The whole poem advocates for the idea that we remember the people we love or once loved in images, in glimpses of things - worn clothing, suitcases of shirts, jet trails in the sky.
When I got out my copy of the pamphlet to read again for this post, and opened it to the first page, I find a quote from Jon Stallworthy:
my poems all are woven out of love's loose ends
and realise that David’s title has not come from the poem “In Thread”, but from a poem by Stallworthy. David must have read the Stallworthy poem, then written the “In Thread” poem in response, and then used the Stallworthy line as a title. And this tells us something else about the pamphlet and about the writer we will encounter between the pages, that these poems are in conversation with other writers. The Stallworthy quote tells us something about a certain approach to writing, a sensibility, a commitment to weaving poems from life.
In the next post which will be for paid subscribers, I’ll be thinking specifically about first poems and how to choose a poem to start your pamphlet.

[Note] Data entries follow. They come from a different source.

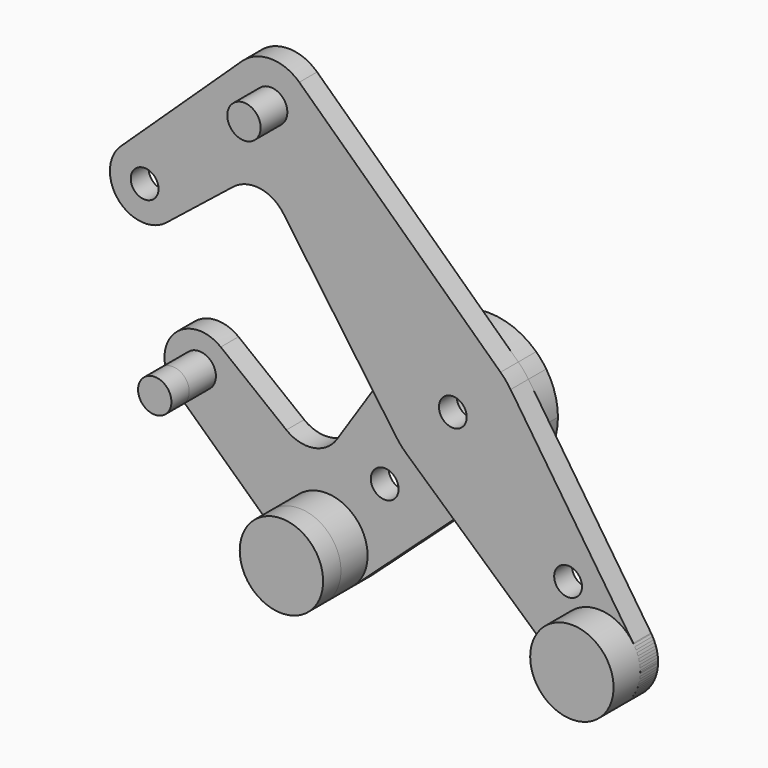
from build123d import *

# Parameters (mm, degrees)
F0_R     = 3.175
F0_R_2   = 3.96875
F2_DEPTH = 5.08
F3_DEPTH = 5.08
F4_R     = 3.81
F6_DEPTH = 12.7
F4_R_2   = 9.525
F5_R     = 3.81
F5_R_2   = 9.525


# Not quite as in the source:
# - a pattern or mirror of a feature is missing from the dataset's text; its kind, count and spacing are read off the source's solid


with BuildPart() as f2:
    # F0 (on Front) → F2 (new body)
    with BuildSketch(Plane.XZ):
        with BuildLine():
            ThreePointArc((-62.4511918078, 23.0063483758), (-67.2442419203, 30.2944442282), (-75.8348368232, 28.7807237291))
            ThreePointArc((-75.8348368232, 28.7807237291), (-76.3849752141, 17.8055319436), (-65.4422370763, 16.798571653))
            ThreePointArc((-65.4422370763, 16.798571653), (-63.237943921, 19.5609585706), (-62.4511918078, 23.0063483758))
        make_face()
        with Locations((-70.3886918078, 23.0063483758)):
            Circle(F0_R, mode=Mode.SUBTRACT)
        with BuildLine():
            ThreePointArc((-13.2524193062, 8.7400805221), (-1.834314477, 15.7686687897), (10.8922900307, 11.5487507067))
            Line((10.8922900307, 11.5487507067), (-35.0711574392, 54.8995176744))
            ThreePointArc((-35.0711574392, 54.8995176744), (-32.8608164346, 51.7436071154), (-32.0815314576, 47.9702672503))
            ThreePointArc((-32.0815314576, 47.9702672503), (-45.3798713227, 39.2245522274), (-48.1419054761, 54.8995176744))
            Line((-48.1419054761, 54.8995176744), (-75.8348368232, 28.7807237291))
            ThreePointArc((-75.8348368232, 28.7807237291), (-67.2442419203, 30.2944442282), (-62.4511918078, 23.0063483758))
            ThreePointArc((-62.4511918078, 23.0063483758), (-63.237943921, 19.5609585706), (-65.4422370763, 16.798571653))
            Line((-65.4422370763, 16.798571653), (-50.1509863937, 28.9828821829))
            ThreePointArc((-50.1509863937, 28.9828821829), (-44.0823996147, 30.6328866939), (-38.7182233604, 27.3502241323))
            Line((-38.7182233604, 27.3502241323), (-19.2147683858, -0.3005169703))
            Line((-19.2147683858, -0.3005169703), (-13.2524193062, 8.7400805221))
        make_face()
        with BuildLine():
            ThreePointArc((-32.0815314576, 47.9702672503), (-32.8608164346, 51.7436071154), (-35.0711574392, 54.8995176744))
            ThreePointArc((-35.0711574392, 54.8995176744), (-41.6065314576, 57.4952672503), (-48.1419054761, 54.8995176744))
            ThreePointArc((-48.1419054761, 54.8995176744), (-45.3798713227, 39.2245522274), (-32.0815314576, 47.9702672503))
        make_face()
        with Locations((-41.6065314576, 47.9702672503)):
            Circle(F0_R, mode=Mode.SUBTRACT)
        with BuildLine():
            ThreePointArc((15.875, 0), (15.1912005478, 4.609018433), (13.1987101208, 8.820979319))
            ThreePointArc((13.1987101208, 8.820979319), (12.1224690662, 10.2499448164), (10.8922900307, 11.5487507067))
            ThreePointArc((10.8922900307, 11.5487507067), (-1.834314477, 15.7686687897), (-13.2524193062, 8.7400805221))
            ThreePointArc((-13.2524193062, 8.7400805221), (-15.8730587934, -0.2482529814), (-12.9726166036, -9.1502373442))
            ThreePointArc((-12.9726166036, -9.1502373442), (-11.8607666217, -10.5516747555), (-10.5983019047, -11.8191210221))
            ThreePointArc((-10.5983019047, -11.8191210221), (0.0485522706, -15.8749257534), (10.6703987497, -11.7540722953))
            ThreePointArc((10.6703987497, -11.7540722953), (14.5156502636, -6.4274040191), (15.875, 0))
        make_face()
        Circle(F0_R_2, mode=Mode.SUBTRACT)
        with BuildLine():
            ThreePointArc((-12.9726166036, -9.1502373442), (-15.8730587934, -0.2482529814), (-13.2524193062, 8.7400805221))
            Line((-13.2524193062, 8.7400805221), (-19.2147683858, -0.3005169703))
            Line((-19.2147683858, -0.3005169703), (-12.9726166036, -9.1502373442))
        make_face()
        with BuildLine():
            Line((-10.5983019047, -11.8191210221), (0.0653932355, -21.3813431455))
            Line((0.0653932355, -21.3813431455), (10.6703987497, -11.7540722953))
            ThreePointArc((10.6703987497, -11.7540722953), (0.0485522706, -15.8749257534), (-10.5983019047, -11.8191210221))
        make_face()
        with BuildLine():
            ThreePointArc((26.9262440233, -45.4676864135), (27.0442454474, -31.1806737127), (41.2044512386, -33.0836262089))
            Line((41.2044512386, -33.0836262089), (13.1987101208, 8.820979319))
            ThreePointArc((13.1987101208, 8.820979319), (15.1912005478, 4.609018433), (15.875, 0))
            ThreePointArc((15.875, 0), (14.5156502636, -6.4274040191), (10.6703987497, -11.7540722953))
            Line((10.6703987497, -11.7540722953), (0.0653932355, -21.3813431455))
            Line((0.0653932355, -21.3813431455), (26.9262440233, -45.4676864135))
        make_face()
        with Locations((26.3222689506, -25.5025770961)):
            Circle(F0_R, mode=Mode.SUBTRACT)
        with BuildLine():
            ThreePointArc((26.9262440233, -45.4676864135), (37.1682864336, -47.0737686401), (42.8102251661, -38.3762138003))
            ThreePointArc((42.8102251661, -38.3762138003), (42.3999454948, -35.6108027404), (41.2044512386, -33.0836262089))
            ThreePointArc((41.2044512386, -33.0836262089), (27.0442454474, -31.1806737127), (26.9262440233, -45.4676864135))
        make_face()
        with Locations((33.2852251661, -38.3762138003)):
            Circle(F0_R, mode=Mode.SUBTRACT)
        Circle(F0_R_2)
        Circle(F0_R, mode=Mode.SUBTRACT)
    extrude(amount=F2_DEPTH)


with BuildPart() as f3:
    # F0 (on Front) → F3 (new body)
    with BuildSketch(Plane.XZ):
        with BuildLine():
            ThreePointArc((15.875, 0), (15.1912005478, 4.609018433), (13.1987101208, 8.820979319))
            ThreePointArc((13.1987101208, 8.820979319), (12.1224690662, 10.2499448164), (10.8922900307, 11.5487507067))
            ThreePointArc((10.8922900307, 11.5487507067), (-1.834314477, 15.7686687897), (-13.2524193062, 8.7400805221))
            ThreePointArc((-13.2524193062, 8.7400805221), (-15.8730587934, -0.2482529814), (-12.9726166036, -9.1502373442))
            ThreePointArc((-12.9726166036, -9.1502373442), (-11.8607666217, -10.5516747555), (-10.5983019047, -11.8191210221))
            ThreePointArc((-10.5983019047, -11.8191210221), (0.0485522706, -15.8749257534), (10.6703987497, -11.7540722953))
            ThreePointArc((10.6703987497, -11.7540722953), (14.5156502636, -6.4274040191), (15.875, 0))
        make_face()
        Circle(F0_R_2, mode=Mode.SUBTRACT)
        with BuildLine():
            Line((-10.5983019047, -11.8191210221), (0.0653932355, -21.3813431455))
            Line((0.0653932355, -21.3813431455), (10.6703987497, -11.7540722953))
            ThreePointArc((10.6703987497, -11.7540722953), (0.0485522706, -15.8749257534), (-10.5983019047, -11.8191210221))
        make_face()
        with BuildLine():
            Line((-26.647623873, -45.6315380732), (0.0653932355, -21.3813431455))
            Line((0.0653932355, -21.3813431455), (-10.5983019047, -11.8191210221))
            ThreePointArc((-10.5983019047, -11.8191210221), (-11.8607666217, -10.5516747555), (-12.9726166036, -9.1502373442))
            Line((-12.9726166036, -9.1502373442), (-19.2147683858, -0.3005169703))
            Line((-19.2147683858, -0.3005169703), (-30.5474012326, -17.4839744853))
            ThreePointArc((-30.5474012326, -17.4839744853), (-35.9047663103, -20.9493627188), (-42.0820013957, -19.3518512525))
            Line((-42.0820013957, -19.3518512525), (-57.0757936348, -7.5537803256))
            ThreePointArc((-57.0757936348, -7.5537803256), (-54.8440071189, -10.3244537385), (-54.0466841448, -13.7916973539))
            ThreePointArc((-54.0466841448, -13.7916973539), (-58.817458973, -21.070142101), (-67.394906617, -19.5992776228))
            Line((-67.394906617, -19.5992776228), (-39.5427300894, -45.5481910186))
            ThreePointArc((-39.5427300894, -45.5481910186), (-36.849933329, -29.8449609995), (-23.5248631228, -38.579094696))
            ThreePointArc((-23.5248631228, -38.579094696), (-24.3404729646, -42.4355371074), (-26.647623873, -45.6315380732))
        make_face()
        with Locations((-19.6233562292, -22.9063374758)):
            Circle(F0_R, mode=Mode.SUBTRACT)
        with BuildLine():
            ThreePointArc((-12.9726166036, -9.1502373442), (-15.8730587934, -0.2482529814), (-13.2524193062, 8.7400805221))
            Line((-13.2524193062, 8.7400805221), (-19.2147683858, -0.3005169703))
            Line((-19.2147683858, -0.3005169703), (-12.9726166036, -9.1502373442))
        make_face()
        with BuildLine():
            ThreePointArc((-57.0757936348, -7.5537803256), (-68.0121676911, -8.627656241), (-67.394906617, -19.5992776228))
            ThreePointArc((-67.394906617, -19.5992776228), (-58.817458973, -21.070142101), (-54.0466841448, -13.7916973539))
            ThreePointArc((-54.0466841448, -13.7916973539), (-54.8440071189, -10.3244537385), (-57.0757936348, -7.5537803256))
        make_face()
        with Locations((-61.9841841448, -13.7916973539)):
            Circle(F0_R, mode=Mode.SUBTRACT)
        with BuildLine():
            ThreePointArc((-39.5427300894, -45.5481910186), (-33.1114263313, -48.1038957423), (-26.647623873, -45.6315380732))
            ThreePointArc((-26.647623873, -45.6315380732), (-24.3404729646, -42.4355371074), (-23.5248631228, -38.579094696))
            ThreePointArc((-23.5248631228, -38.579094696), (-36.849933329, -29.8449609995), (-39.5427300894, -45.5481910186))
        make_face()
        with Locations((-33.0498631228, -38.579094696)):
            Circle(F0_R, mode=Mode.SUBTRACT)
    extrude(amount=-F3_DEPTH)


with BuildPart() as f6:
    # F4 (on face) → F6 (new body, through all)
    with BuildSketch(Plane(origin=(0, 0, 0), x_dir=(-1, 0, 0), z_dir=(0, 1, 0))):
        with Locations((41.6065314576, 47.9702672503)):
            Circle(F4_R)
    extrude(amount=-F6_DEPTH)


with BuildPart() as f6b:
    # F4 (on face) → F6, piece 2 (new body, through all)
    with BuildSketch(Plane(origin=(0, 0, 0), x_dir=(-1, 0, 0), z_dir=(0, 1, 0))):
        with Locations((-33.2852251661, -38.3762138003)):
            Circle(F4_R_2)
    extrude(amount=-F6_DEPTH)


with BuildPart() as f6c:
    # F5 (on face) → F6, piece 3 (new body, through all)
    with BuildSketch(Plane(origin=(0, 5.08, 0), x_dir=(-1, 0, 0), z_dir=(0, 1, 0))):
        with Locations((61.9841841448, -13.7916973539)):
            Circle(F5_R)
    extrude(amount=-F6_DEPTH)

    # F6_3_copies: F6c across plane


with BuildPart() as f6d:
    # F5 (on face) → F6, piece 4 (new body, through all)
    with BuildSketch(Plane(origin=(0, 5.08, 0), x_dir=(-1, 0, 0), z_dir=(0, 1, 0))):
        with Locations((33.0498631228, -38.579094696)):
            Circle(F5_R_2)
    extrude(amount=-F6_DEPTH)

    # F6_4_copies: F6d across plane


with BuildPart() as f6c_1:
    add(f6c.part)
    add(f6c.part.mirror(Plane(origin=(0, -3.81, 0), x_dir=(0, 0, -1), z_dir=(0, -1, 0))))


with BuildPart() as f6d_1:
    add(f6d.part)
    add(f6d.part.mirror(Plane(origin=(0, -3.81, 0), x_dir=(0, 0, -1), z_dir=(0, -1, 0))))


solid = Compound([f2.part, f3.part, f6.part, f6b.part, f6c_1.part, f6d_1.part])

Thank you for reading, and please let me know what you think in the comments below around titles, and choosing titles. And please feel free to suggest other topics that might be useful in terms of putting together a pamphlet.
I'm currently struggling with naming my PhD collection which won't be out in the world (if it ever is) until at least 2026. I posted on Facebook the other day about the ideas I had for a title and was given responses to them as well as some alternative ideas. A few people said it was too soon to name it, but I want to make it real in my head, make it a thing. I know when I find my title that I'll get that feeling inside that tells me it's the right one and perhaps I haven't written the poem yet that will name the collection whether it's from a line or the actual title of a poem. Thanks, Kim, this is all stuff to think about.
Really helpful post, Kim -- I have always been too scared to name a pamphlet or to truly breathe it into the world. Look forward to the next posts in the series.